◆ What you have to do:
Identify all lines of the data containing the string "exactly" and copy them.

○ ○ ○ ○ ○

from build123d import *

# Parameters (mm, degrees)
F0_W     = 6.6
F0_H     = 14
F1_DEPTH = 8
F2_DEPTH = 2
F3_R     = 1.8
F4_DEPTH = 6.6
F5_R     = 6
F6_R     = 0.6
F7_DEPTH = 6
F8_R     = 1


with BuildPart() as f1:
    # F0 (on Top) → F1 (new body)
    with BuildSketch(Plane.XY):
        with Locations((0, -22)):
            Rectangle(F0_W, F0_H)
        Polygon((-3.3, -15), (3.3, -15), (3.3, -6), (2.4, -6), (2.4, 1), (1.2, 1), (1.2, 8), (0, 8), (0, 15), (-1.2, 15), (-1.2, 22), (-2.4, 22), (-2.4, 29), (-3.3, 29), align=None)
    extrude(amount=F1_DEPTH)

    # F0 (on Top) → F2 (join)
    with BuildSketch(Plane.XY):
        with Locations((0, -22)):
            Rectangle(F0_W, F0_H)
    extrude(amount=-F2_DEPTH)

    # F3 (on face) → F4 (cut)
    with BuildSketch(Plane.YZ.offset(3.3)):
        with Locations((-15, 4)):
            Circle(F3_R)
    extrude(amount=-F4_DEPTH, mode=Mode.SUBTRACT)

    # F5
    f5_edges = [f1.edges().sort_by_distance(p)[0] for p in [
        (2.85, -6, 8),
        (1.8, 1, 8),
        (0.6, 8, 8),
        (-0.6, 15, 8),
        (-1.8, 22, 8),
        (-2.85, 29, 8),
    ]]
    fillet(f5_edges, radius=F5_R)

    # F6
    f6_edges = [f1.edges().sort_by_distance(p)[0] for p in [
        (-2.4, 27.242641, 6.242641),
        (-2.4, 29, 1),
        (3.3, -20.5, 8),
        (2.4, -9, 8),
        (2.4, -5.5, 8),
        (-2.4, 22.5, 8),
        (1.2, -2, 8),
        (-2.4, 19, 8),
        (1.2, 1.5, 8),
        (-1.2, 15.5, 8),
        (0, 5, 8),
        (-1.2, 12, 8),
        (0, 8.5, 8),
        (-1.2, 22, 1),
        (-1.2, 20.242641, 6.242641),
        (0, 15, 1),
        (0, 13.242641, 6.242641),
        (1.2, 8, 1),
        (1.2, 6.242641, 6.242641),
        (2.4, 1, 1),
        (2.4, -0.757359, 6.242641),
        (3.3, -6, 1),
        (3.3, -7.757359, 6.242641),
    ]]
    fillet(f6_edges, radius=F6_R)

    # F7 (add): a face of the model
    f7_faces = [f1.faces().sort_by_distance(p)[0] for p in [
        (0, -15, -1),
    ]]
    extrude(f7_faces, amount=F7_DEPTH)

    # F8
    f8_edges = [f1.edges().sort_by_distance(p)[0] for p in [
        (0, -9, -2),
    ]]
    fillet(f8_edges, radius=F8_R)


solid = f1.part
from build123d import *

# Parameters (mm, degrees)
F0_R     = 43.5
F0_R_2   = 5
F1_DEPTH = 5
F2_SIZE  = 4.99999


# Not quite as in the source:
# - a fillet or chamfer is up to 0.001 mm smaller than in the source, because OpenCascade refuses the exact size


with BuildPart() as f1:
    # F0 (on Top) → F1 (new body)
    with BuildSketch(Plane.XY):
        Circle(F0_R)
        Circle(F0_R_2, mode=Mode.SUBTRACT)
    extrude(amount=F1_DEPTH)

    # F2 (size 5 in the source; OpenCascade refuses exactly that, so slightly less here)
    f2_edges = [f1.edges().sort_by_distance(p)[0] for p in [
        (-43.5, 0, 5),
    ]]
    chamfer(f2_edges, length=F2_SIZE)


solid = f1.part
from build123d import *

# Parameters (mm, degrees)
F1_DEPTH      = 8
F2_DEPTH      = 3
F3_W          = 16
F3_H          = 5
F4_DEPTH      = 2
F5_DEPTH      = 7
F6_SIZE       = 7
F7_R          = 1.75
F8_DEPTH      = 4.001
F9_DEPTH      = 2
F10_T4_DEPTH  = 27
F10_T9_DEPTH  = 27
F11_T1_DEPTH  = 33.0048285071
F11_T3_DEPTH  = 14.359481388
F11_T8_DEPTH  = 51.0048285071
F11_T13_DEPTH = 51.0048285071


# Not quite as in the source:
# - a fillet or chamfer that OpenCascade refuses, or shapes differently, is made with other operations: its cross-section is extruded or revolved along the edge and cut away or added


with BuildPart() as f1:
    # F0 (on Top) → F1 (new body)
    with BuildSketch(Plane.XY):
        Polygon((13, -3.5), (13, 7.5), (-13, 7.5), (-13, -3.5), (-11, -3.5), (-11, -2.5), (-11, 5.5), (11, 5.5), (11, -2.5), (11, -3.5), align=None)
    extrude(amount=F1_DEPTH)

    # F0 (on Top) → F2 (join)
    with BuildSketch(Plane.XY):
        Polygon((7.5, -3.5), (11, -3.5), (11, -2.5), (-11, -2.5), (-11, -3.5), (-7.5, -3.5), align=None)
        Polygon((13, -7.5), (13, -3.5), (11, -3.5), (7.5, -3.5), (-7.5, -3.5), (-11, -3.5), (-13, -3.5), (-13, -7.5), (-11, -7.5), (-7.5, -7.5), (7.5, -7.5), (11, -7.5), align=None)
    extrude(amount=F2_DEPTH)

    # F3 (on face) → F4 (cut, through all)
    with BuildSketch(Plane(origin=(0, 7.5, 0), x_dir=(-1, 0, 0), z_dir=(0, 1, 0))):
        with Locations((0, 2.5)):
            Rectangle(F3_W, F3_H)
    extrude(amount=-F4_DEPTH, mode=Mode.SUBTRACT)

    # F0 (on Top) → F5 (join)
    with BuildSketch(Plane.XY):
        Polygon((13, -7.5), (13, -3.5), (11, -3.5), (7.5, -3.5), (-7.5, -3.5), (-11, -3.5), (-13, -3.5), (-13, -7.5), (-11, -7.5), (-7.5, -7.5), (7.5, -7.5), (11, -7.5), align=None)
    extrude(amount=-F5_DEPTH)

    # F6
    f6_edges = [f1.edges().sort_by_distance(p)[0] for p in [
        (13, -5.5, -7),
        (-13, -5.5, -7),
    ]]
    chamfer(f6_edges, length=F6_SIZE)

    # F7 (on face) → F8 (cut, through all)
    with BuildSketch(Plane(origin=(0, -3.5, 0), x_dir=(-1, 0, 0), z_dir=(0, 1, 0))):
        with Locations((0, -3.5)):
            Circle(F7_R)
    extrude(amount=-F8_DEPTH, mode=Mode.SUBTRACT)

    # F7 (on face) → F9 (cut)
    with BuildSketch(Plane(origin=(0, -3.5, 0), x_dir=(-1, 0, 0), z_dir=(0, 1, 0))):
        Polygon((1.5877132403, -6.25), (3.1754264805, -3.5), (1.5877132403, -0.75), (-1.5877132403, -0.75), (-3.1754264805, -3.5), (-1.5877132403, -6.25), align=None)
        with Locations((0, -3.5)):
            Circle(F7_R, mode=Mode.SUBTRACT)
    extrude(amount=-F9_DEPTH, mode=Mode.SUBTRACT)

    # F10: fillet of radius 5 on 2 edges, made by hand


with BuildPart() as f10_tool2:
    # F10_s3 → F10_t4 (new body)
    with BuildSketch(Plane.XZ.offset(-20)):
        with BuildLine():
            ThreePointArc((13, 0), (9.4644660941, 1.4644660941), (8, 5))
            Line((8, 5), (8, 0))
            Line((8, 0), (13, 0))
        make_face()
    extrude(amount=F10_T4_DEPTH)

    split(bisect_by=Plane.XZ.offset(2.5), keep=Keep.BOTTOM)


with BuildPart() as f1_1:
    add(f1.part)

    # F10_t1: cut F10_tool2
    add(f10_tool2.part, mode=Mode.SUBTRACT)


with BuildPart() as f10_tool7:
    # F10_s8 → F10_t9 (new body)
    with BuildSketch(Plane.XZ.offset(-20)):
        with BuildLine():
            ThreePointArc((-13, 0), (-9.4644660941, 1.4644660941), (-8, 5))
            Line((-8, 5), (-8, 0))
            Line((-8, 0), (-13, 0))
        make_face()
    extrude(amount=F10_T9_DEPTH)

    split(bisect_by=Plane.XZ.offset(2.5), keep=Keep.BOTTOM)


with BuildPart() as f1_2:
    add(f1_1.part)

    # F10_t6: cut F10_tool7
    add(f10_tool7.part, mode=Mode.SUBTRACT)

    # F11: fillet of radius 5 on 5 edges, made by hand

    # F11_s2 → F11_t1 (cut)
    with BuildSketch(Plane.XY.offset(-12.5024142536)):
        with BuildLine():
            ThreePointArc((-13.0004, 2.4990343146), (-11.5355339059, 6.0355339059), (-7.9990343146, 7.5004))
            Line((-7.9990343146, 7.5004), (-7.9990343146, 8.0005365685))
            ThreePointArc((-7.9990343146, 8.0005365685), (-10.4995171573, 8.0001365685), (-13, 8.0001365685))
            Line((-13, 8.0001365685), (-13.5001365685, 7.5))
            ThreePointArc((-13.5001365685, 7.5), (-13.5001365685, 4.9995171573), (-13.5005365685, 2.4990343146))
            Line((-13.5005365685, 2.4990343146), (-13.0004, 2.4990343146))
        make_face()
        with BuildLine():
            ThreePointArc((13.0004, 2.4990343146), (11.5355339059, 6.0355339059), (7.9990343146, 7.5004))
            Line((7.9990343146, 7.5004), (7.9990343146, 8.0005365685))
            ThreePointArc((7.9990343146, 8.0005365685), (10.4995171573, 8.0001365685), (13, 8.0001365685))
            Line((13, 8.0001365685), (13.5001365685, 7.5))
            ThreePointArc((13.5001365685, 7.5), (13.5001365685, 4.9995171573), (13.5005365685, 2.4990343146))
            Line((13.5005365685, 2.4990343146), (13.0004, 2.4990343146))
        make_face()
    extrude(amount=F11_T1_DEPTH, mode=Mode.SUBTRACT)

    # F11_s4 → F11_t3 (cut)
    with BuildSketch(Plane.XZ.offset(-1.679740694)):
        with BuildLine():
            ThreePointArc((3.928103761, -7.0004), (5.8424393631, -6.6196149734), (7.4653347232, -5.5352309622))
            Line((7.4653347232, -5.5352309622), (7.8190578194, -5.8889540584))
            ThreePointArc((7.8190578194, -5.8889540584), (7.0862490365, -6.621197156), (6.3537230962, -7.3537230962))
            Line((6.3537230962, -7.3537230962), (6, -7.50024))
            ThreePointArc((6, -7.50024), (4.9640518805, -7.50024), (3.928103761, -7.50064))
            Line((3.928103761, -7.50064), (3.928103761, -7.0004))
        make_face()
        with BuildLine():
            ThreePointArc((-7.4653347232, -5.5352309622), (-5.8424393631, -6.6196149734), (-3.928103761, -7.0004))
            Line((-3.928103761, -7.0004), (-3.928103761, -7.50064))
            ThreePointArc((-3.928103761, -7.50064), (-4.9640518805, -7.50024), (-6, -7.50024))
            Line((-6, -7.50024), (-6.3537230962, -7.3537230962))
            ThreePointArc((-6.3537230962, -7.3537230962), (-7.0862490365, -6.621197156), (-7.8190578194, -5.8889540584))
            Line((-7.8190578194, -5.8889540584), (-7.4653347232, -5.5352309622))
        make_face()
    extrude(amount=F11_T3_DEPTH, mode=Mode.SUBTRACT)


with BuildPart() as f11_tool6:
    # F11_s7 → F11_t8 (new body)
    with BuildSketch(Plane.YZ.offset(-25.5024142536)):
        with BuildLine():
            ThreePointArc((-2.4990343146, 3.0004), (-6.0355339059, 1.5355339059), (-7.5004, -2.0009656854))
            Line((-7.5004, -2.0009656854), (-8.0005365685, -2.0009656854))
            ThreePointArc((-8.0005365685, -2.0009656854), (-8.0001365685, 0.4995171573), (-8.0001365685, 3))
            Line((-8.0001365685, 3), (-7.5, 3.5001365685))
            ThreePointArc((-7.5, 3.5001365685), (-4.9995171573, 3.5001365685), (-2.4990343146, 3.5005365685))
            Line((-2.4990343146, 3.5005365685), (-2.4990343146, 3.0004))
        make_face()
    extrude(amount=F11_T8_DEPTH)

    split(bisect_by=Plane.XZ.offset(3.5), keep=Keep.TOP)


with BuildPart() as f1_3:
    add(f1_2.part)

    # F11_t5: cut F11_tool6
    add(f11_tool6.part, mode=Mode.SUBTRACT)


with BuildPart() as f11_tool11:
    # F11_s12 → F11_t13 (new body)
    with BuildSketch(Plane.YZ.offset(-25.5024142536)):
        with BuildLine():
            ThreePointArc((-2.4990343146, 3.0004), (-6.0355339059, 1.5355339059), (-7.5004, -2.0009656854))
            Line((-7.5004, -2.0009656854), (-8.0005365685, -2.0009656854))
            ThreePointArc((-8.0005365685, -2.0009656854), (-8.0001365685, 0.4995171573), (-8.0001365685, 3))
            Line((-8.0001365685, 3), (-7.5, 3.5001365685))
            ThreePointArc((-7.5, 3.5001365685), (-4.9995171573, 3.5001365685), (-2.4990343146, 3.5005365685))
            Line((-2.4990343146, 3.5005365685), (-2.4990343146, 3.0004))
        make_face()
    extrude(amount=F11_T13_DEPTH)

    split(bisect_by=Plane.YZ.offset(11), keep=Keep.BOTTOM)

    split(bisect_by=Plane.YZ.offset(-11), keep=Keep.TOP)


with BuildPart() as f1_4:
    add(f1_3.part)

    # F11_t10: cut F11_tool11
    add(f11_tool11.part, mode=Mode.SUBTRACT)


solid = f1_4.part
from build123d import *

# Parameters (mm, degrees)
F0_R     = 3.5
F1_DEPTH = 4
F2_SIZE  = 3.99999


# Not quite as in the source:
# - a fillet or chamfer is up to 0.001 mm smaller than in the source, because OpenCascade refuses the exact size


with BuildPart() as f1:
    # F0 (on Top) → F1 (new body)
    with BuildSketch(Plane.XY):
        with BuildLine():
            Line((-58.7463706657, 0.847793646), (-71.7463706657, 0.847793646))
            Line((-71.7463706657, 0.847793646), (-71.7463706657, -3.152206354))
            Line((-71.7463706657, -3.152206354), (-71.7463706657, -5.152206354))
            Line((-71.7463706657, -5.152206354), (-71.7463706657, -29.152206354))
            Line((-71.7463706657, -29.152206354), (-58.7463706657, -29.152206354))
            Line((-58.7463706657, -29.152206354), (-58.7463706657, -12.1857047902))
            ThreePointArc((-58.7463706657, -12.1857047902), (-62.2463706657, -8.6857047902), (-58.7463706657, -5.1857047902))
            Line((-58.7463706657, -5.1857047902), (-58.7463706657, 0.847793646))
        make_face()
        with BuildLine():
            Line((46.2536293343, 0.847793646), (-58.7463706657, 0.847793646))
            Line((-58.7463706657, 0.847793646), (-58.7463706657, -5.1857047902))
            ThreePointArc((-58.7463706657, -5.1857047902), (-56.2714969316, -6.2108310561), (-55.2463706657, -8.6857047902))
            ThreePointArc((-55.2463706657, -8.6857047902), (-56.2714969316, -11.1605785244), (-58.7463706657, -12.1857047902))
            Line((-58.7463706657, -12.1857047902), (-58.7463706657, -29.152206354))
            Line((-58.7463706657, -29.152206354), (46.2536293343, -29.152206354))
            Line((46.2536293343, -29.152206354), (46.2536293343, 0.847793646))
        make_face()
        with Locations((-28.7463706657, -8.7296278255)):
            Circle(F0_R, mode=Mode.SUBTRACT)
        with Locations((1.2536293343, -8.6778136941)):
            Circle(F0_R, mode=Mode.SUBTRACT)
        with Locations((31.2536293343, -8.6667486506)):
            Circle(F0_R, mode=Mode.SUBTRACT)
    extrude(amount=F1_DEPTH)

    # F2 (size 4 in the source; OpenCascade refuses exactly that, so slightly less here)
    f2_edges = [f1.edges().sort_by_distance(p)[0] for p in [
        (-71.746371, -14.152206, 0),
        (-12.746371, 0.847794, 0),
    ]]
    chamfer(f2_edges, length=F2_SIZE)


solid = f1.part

○ ○ ○ ○ ○

◆ Answer section:
    # F2 (size 5 in the source; OpenCascade refuses exactly that, so slightly less here)
    # F2 (size 4 in the source; OpenCascade refuses exactly that, so slightly less here)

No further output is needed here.